* Provided data
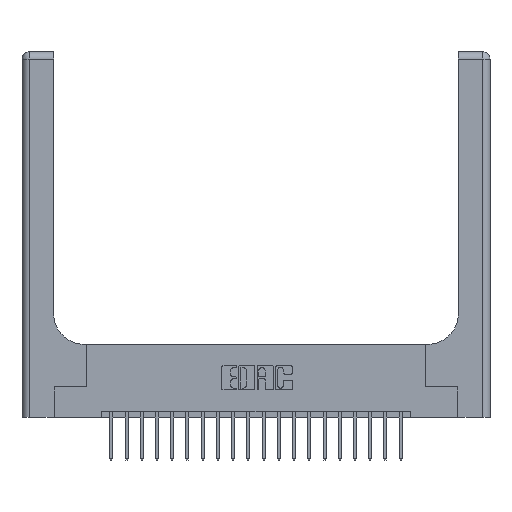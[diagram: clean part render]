
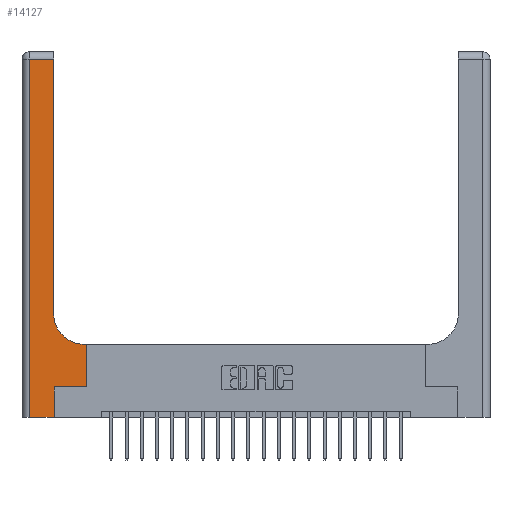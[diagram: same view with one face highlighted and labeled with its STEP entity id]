
A CAD part, top view. The second image highlights one B-rep face of the part: STEP entity #14127.
In plain terms, the highlighted planar face has unit normal (0, 0, 1).
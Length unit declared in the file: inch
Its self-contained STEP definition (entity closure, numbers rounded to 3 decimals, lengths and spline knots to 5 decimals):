
#174 = DIRECTION ( 'NONE',  ( 0., 0., -1. ) ) ;
#272 = ORIENTED_EDGE ( 'NONE', *, *, #4696, .T. ) ;
#410 = VECTOR ( 'NONE', #14561, 39.37008 ) ;
#433 = VERTEX_POINT ( 'NONE', #10053 ) ;
#831 = CARTESIAN_POINT ( 'NONE',  ( 0., 3., 0.37 ) ) ;
#858 = VERTEX_POINT ( 'NONE', #8702 ) ;
#1061 = ORIENTED_EDGE ( 'NONE', *, *, #18924, .T. ) ;
#1114 = CARTESIAN_POINT ( 'NONE',  ( 0.528, 0.25, 0.37 ) ) ;
#1406 = LINE ( 'NONE', #9498, #10198 ) ;
#1642 = EDGE_CURVE ( 'NONE', #13116, #433, #7675, .T. ) ;
#2088 = DIRECTION ( 'NONE',  ( 1., 0., 0. ) ) ;
#2135 = DIRECTION ( 'NONE',  ( 0., -1., 0. ) ) ;
#2728 = VECTOR ( 'NONE', #2088, 39.37008 ) ;
#2782 = VECTOR ( 'NONE', #2135, 39.37008 ) ;
#2784 = VECTOR ( 'NONE', #14777, 39.37008 ) ;
#2836 = CARTESIAN_POINT ( 'NONE',  ( 0.265, 0., 0.37 ) ) ;
#3030 = ORIENTED_EDGE ( 'NONE', *, *, #1642, .T. ) ;
#3148 = VECTOR ( 'NONE', #8522, 39.37008 ) ;
#3284 = VERTEX_POINT ( 'NONE', #2836 ) ;
#3618 = DIRECTION ( 'NONE',  ( -1., 0., 0. ) ) ;
#3716 = LINE ( 'NONE', #10381, #3148 ) ;
#3852 = DIRECTION ( 'NONE',  ( -1., 0., 0. ) ) ;
#4226 = EDGE_CURVE ( 'NONE', #858, #3284, #10407, .T. ) ;
#4638 = ORIENTED_EDGE ( 'NONE', *, *, #8889, .T. ) ;
#4696 = EDGE_CURVE ( 'NONE', #7292, #8135, #3716, .T. ) ;
#4708 = CARTESIAN_POINT ( 'NONE',  ( 0.26, 3., 0.37 ) ) ;
#4794 = CARTESIAN_POINT ( 'NONE',  ( 0.06, 2.94, 0.37 ) ) ;
#4883 = ORIENTED_EDGE ( 'NONE', *, *, #4226, .T. ) ;
#5421 = DIRECTION ( 'NONE',  ( 1., 0., 0. ) ) ;
#5831 = CARTESIAN_POINT ( 'NONE',  ( 0.26, 0.85, 0.37 ) ) ;
#6464 = CARTESIAN_POINT ( 'NONE',  ( 0.265, 0., 0.37 ) ) ;
#7274 = EDGE_LOOP ( 'NONE', ( #13860, #272, #9936, #4883, #1061, #20584, #3030, #10666, #4638 ) ) ;
#7292 = VERTEX_POINT ( 'NONE', #17496 ) ;
#7675 = LINE ( 'NONE', #1114, #10704 ) ;
#7678 = EDGE_CURVE ( 'NONE', #11396, #7292, #21178, .T. ) ;
#8135 = VERTEX_POINT ( 'NONE', #4794 ) ;
#8214 = AXIS2_PLACEMENT_3D ( 'NONE', #831, #14287, #3618 ) ;
#8522 = DIRECTION ( 'NONE',  ( -1., 0., 0. ) ) ;
#8702 = CARTESIAN_POINT ( 'NONE',  ( 0.06, 0., 0.37 ) ) ;
#8889 = EDGE_CURVE ( 'NONE', #16727, #11396, #12022, .T. ) ;
#9256 = FACE_OUTER_BOUND ( 'NONE', #7274, .T. ) ;
#9498 = CARTESIAN_POINT ( 'NONE',  ( 0.265, 0.25, 0.37 ) ) ;
#9524 = CARTESIAN_POINT ( 'NONE',  ( 0.265, 0.25, 0.37 ) ) ;
#9936 = ORIENTED_EDGE ( 'NONE', *, *, #21277, .T. ) ;
#10053 = CARTESIAN_POINT ( 'NONE',  ( 0.528, 0.6, 0.37 ) ) ;
#10198 = VECTOR ( 'NONE', #14319, 39.37008 ) ;
#10381 = CARTESIAN_POINT ( 'NONE',  ( 0., 2.94, 0.37 ) ) ;
#10407 = LINE ( 'NONE', #17017, #2728 ) ;
#10455 = CARTESIAN_POINT ( 'NONE',  ( 0.06, 3., 0.37 ) ) ;
#10607 = AXIS2_PLACEMENT_3D ( 'NONE', #11985, #174, #5421 ) ;
#10666 = ORIENTED_EDGE ( 'NONE', *, *, #14987, .T. ) ;
#10704 = VECTOR ( 'NONE', #16021, 39.37008 ) ;
#11396 = VERTEX_POINT ( 'NONE', #5831 ) ;
#11985 = CARTESIAN_POINT ( 'NONE',  ( 0.51, 0.85, 0.37 ) ) ;
#12022 = CIRCLE ( 'NONE', #10607, 0.25 ) ;
#12416 = LINE ( 'NONE', #10455, #2782 ) ;
#13116 = VERTEX_POINT ( 'NONE', #20294 ) ;
#13860 = ORIENTED_EDGE ( 'NONE', *, *, #7678, .T. ) ;
#14127 = ADVANCED_FACE ( 'NONE', ( #9256 ), #15947, .F. ) ;
#14287 = DIRECTION ( 'NONE',  ( 0., 0., -1. ) ) ;
#14319 = DIRECTION ( 'NONE',  ( 1., 0., 0. ) ) ;
#14543 = CARTESIAN_POINT ( 'NONE',  ( 0.51, 0.6, 0.37 ) ) ;
#14561 = DIRECTION ( 'NONE',  ( 0., 1., 0. ) ) ;
#14671 = LINE ( 'NONE', #6464, #2784 ) ;
#14777 = DIRECTION ( 'NONE',  ( 0., 1., 0. ) ) ;
#14987 = EDGE_CURVE ( 'NONE', #433, #16727, #15350, .T. ) ;
#15149 = VERTEX_POINT ( 'NONE', #9524 ) ;
#15350 = LINE ( 'NONE', #15784, #19109 ) ;
#15784 = CARTESIAN_POINT ( 'NONE',  ( 0.26, 0.6, 0.37 ) ) ;
#15947 = PLANE ( 'NONE',  #8214 ) ;
#16021 = DIRECTION ( 'NONE',  ( 0., 1., 0. ) ) ;
#16727 = VERTEX_POINT ( 'NONE', #14543 ) ;
#17017 = CARTESIAN_POINT ( 'NONE',  ( 0., 0., 0.37 ) ) ;
#17496 = CARTESIAN_POINT ( 'NONE',  ( 0.26, 2.94, 0.37 ) ) ;
#18137 = EDGE_CURVE ( 'NONE', #15149, #13116, #1406, .T. ) ;
#18924 = EDGE_CURVE ( 'NONE', #3284, #15149, #14671, .T. ) ;
#19109 = VECTOR ( 'NONE', #3852, 39.37008 ) ;
#20294 = CARTESIAN_POINT ( 'NONE',  ( 0.528, 0.25, 0.37 ) ) ;
#20584 = ORIENTED_EDGE ( 'NONE', *, *, #18137, .T. ) ;
#21178 = LINE ( 'NONE', #4708, #410 ) ;
#21277 = EDGE_CURVE ( 'NONE', #8135, #858, #12416, .T. ) ;

* Work request
All entries should be reproduced exactly; no picture belongs in the result.

* Output of the exercise
[diagram: clean part render]
[diagram: same view with one face highlighted and labeled with its STEP entity id]
A CAD part, top view. The second image highlights one B-rep face of the part: STEP entity #14127.
In plain terms, the highlighted planar face has unit normal (0, 0, 1).
Length unit declared in the file: inch
Its self-contained STEP definition (entity closure, numbers rounded to 3 decimals, lengths and spline knots to 5 decimals):
#174 = DIRECTION ( 'NONE',  ( 0., 0., -1. ) ) ;
#272 = ORIENTED_EDGE ( 'NONE', *, *, #4696, .T. ) ;
#410 = VECTOR ( 'NONE', #14561, 39.37008 ) ;
#433 = VERTEX_POINT ( 'NONE', #10053 ) ;
#831 = CARTESIAN_POINT ( 'NONE',  ( 0., 3., 0.37 ) ) ;
#858 = VERTEX_POINT ( 'NONE', #8702 ) ;
#1061 = ORIENTED_EDGE ( 'NONE', *, *, #18924, .T. ) ;
#1114 = CARTESIAN_POINT ( 'NONE',  ( 0.528, 0.25, 0.37 ) ) ;
#1406 = LINE ( 'NONE', #9498, #10198 ) ;
#1642 = EDGE_CURVE ( 'NONE', #13116, #433, #7675, .T. ) ;
#2088 = DIRECTION ( 'NONE',  ( 1., 0., 0. ) ) ;
#2135 = DIRECTION ( 'NONE',  ( 0., -1., 0. ) ) ;
#2728 = VECTOR ( 'NONE', #2088, 39.37008 ) ;
#2782 = VECTOR ( 'NONE', #2135, 39.37008 ) ;
#2784 = VECTOR ( 'NONE', #14777, 39.37008 ) ;
#2836 = CARTESIAN_POINT ( 'NONE',  ( 0.265, 0., 0.37 ) ) ;
#3030 = ORIENTED_EDGE ( 'NONE', *, *, #1642, .T. ) ;
#3148 = VECTOR ( 'NONE', #8522, 39.37008 ) ;
#3284 = VERTEX_POINT ( 'NONE', #2836 ) ;
#3618 = DIRECTION ( 'NONE',  ( -1., 0., 0. ) ) ;
#3716 = LINE ( 'NONE', #10381, #3148 ) ;
#3852 = DIRECTION ( 'NONE',  ( -1., 0., 0. ) ) ;
#4226 = EDGE_CURVE ( 'NONE', #858, #3284, #10407, .T. ) ;
#4638 = ORIENTED_EDGE ( 'NONE', *, *, #8889, .T. ) ;
#4696 = EDGE_CURVE ( 'NONE', #7292, #8135, #3716, .T. ) ;
#4708 = CARTESIAN_POINT ( 'NONE',  ( 0.26, 3., 0.37 ) ) ;
#4794 = CARTESIAN_POINT ( 'NONE',  ( 0.06, 2.94, 0.37 ) ) ;
#4883 = ORIENTED_EDGE ( 'NONE', *, *, #4226, .T. ) ;
#5421 = DIRECTION ( 'NONE',  ( 1., 0., 0. ) ) ;
#5831 = CARTESIAN_POINT ( 'NONE',  ( 0.26, 0.85, 0.37 ) ) ;
#6464 = CARTESIAN_POINT ( 'NONE',  ( 0.265, 0., 0.37 ) ) ;
#7274 = EDGE_LOOP ( 'NONE', ( #13860, #272, #9936, #4883, #1061, #20584, #3030, #10666, #4638 ) ) ;
#7292 = VERTEX_POINT ( 'NONE', #17496 ) ;
#7675 = LINE ( 'NONE', #1114, #10704 ) ;
#7678 = EDGE_CURVE ( 'NONE', #11396, #7292, #21178, .T. ) ;
#8135 = VERTEX_POINT ( 'NONE', #4794 ) ;
#8214 = AXIS2_PLACEMENT_3D ( 'NONE', #831, #14287, #3618 ) ;
#8522 = DIRECTION ( 'NONE',  ( -1., 0., 0. ) ) ;
#8702 = CARTESIAN_POINT ( 'NONE',  ( 0.06, 0., 0.37 ) ) ;
#8889 = EDGE_CURVE ( 'NONE', #16727, #11396, #12022, .T. ) ;
#9256 = FACE_OUTER_BOUND ( 'NONE', #7274, .T. ) ;
#9498 = CARTESIAN_POINT ( 'NONE',  ( 0.265, 0.25, 0.37 ) ) ;
#9524 = CARTESIAN_POINT ( 'NONE',  ( 0.265, 0.25, 0.37 ) ) ;
#9936 = ORIENTED_EDGE ( 'NONE', *, *, #21277, .T. ) ;
#10053 = CARTESIAN_POINT ( 'NONE',  ( 0.528, 0.6, 0.37 ) ) ;
#10198 = VECTOR ( 'NONE', #14319, 39.37008 ) ;
#10381 = CARTESIAN_POINT ( 'NONE',  ( 0., 2.94, 0.37 ) ) ;
#10407 = LINE ( 'NONE', #17017, #2728 ) ;
#10455 = CARTESIAN_POINT ( 'NONE',  ( 0.06, 3., 0.37 ) ) ;
#10607 = AXIS2_PLACEMENT_3D ( 'NONE', #11985, #174, #5421 ) ;
#10666 = ORIENTED_EDGE ( 'NONE', *, *, #14987, .T. ) ;
#10704 = VECTOR ( 'NONE', #16021, 39.37008 ) ;
#11396 = VERTEX_POINT ( 'NONE', #5831 ) ;
#11985 = CARTESIAN_POINT ( 'NONE',  ( 0.51, 0.85, 0.37 ) ) ;
#12022 = CIRCLE ( 'NONE', #10607, 0.25 ) ;
#12416 = LINE ( 'NONE', #10455, #2782 ) ;
#13116 = VERTEX_POINT ( 'NONE', #20294 ) ;
#13860 = ORIENTED_EDGE ( 'NONE', *, *, #7678, .T. ) ;
#14127 = ADVANCED_FACE ( 'NONE', ( #9256 ), #15947, .F. ) ;
#14287 = DIRECTION ( 'NONE',  ( 0., 0., -1. ) ) ;
#14319 = DIRECTION ( 'NONE',  ( 1., 0., 0. ) ) ;
#14543 = CARTESIAN_POINT ( 'NONE',  ( 0.51, 0.6, 0.37 ) ) ;
#14561 = DIRECTION ( 'NONE',  ( 0., 1., 0. ) ) ;
#14671 = LINE ( 'NONE', #6464, #2784 ) ;
#14777 = DIRECTION ( 'NONE',  ( 0., 1., 0. ) ) ;
#14987 = EDGE_CURVE ( 'NONE', #433, #16727, #15350, .T. ) ;
#15149 = VERTEX_POINT ( 'NONE', #9524 ) ;
#15350 = LINE ( 'NONE', #15784, #19109 ) ;
#15784 = CARTESIAN_POINT ( 'NONE',  ( 0.26, 0.6, 0.37 ) ) ;
#15947 = PLANE ( 'NONE',  #8214 ) ;
#16021 = DIRECTION ( 'NONE',  ( 0., 1., 0. ) ) ;
#16727 = VERTEX_POINT ( 'NONE', #14543 ) ;
#17017 = CARTESIAN_POINT ( 'NONE',  ( 0., 0., 0.37 ) ) ;
#17496 = CARTESIAN_POINT ( 'NONE',  ( 0.26, 2.94, 0.37 ) ) ;
#18137 = EDGE_CURVE ( 'NONE', #15149, #13116, #1406, .T. ) ;
#18924 = EDGE_CURVE ( 'NONE', #3284, #15149, #14671, .T. ) ;
#19109 = VECTOR ( 'NONE', #3852, 39.37008 ) ;
#20294 = CARTESIAN_POINT ( 'NONE',  ( 0.528, 0.25, 0.37 ) ) ;
#20584 = ORIENTED_EDGE ( 'NONE', *, *, #18137, .T. ) ;
#21178 = LINE ( 'NONE', #4708, #410 ) ;
#21277 = EDGE_CURVE ( 'NONE', #8135, #858, #12416, .T. ) ;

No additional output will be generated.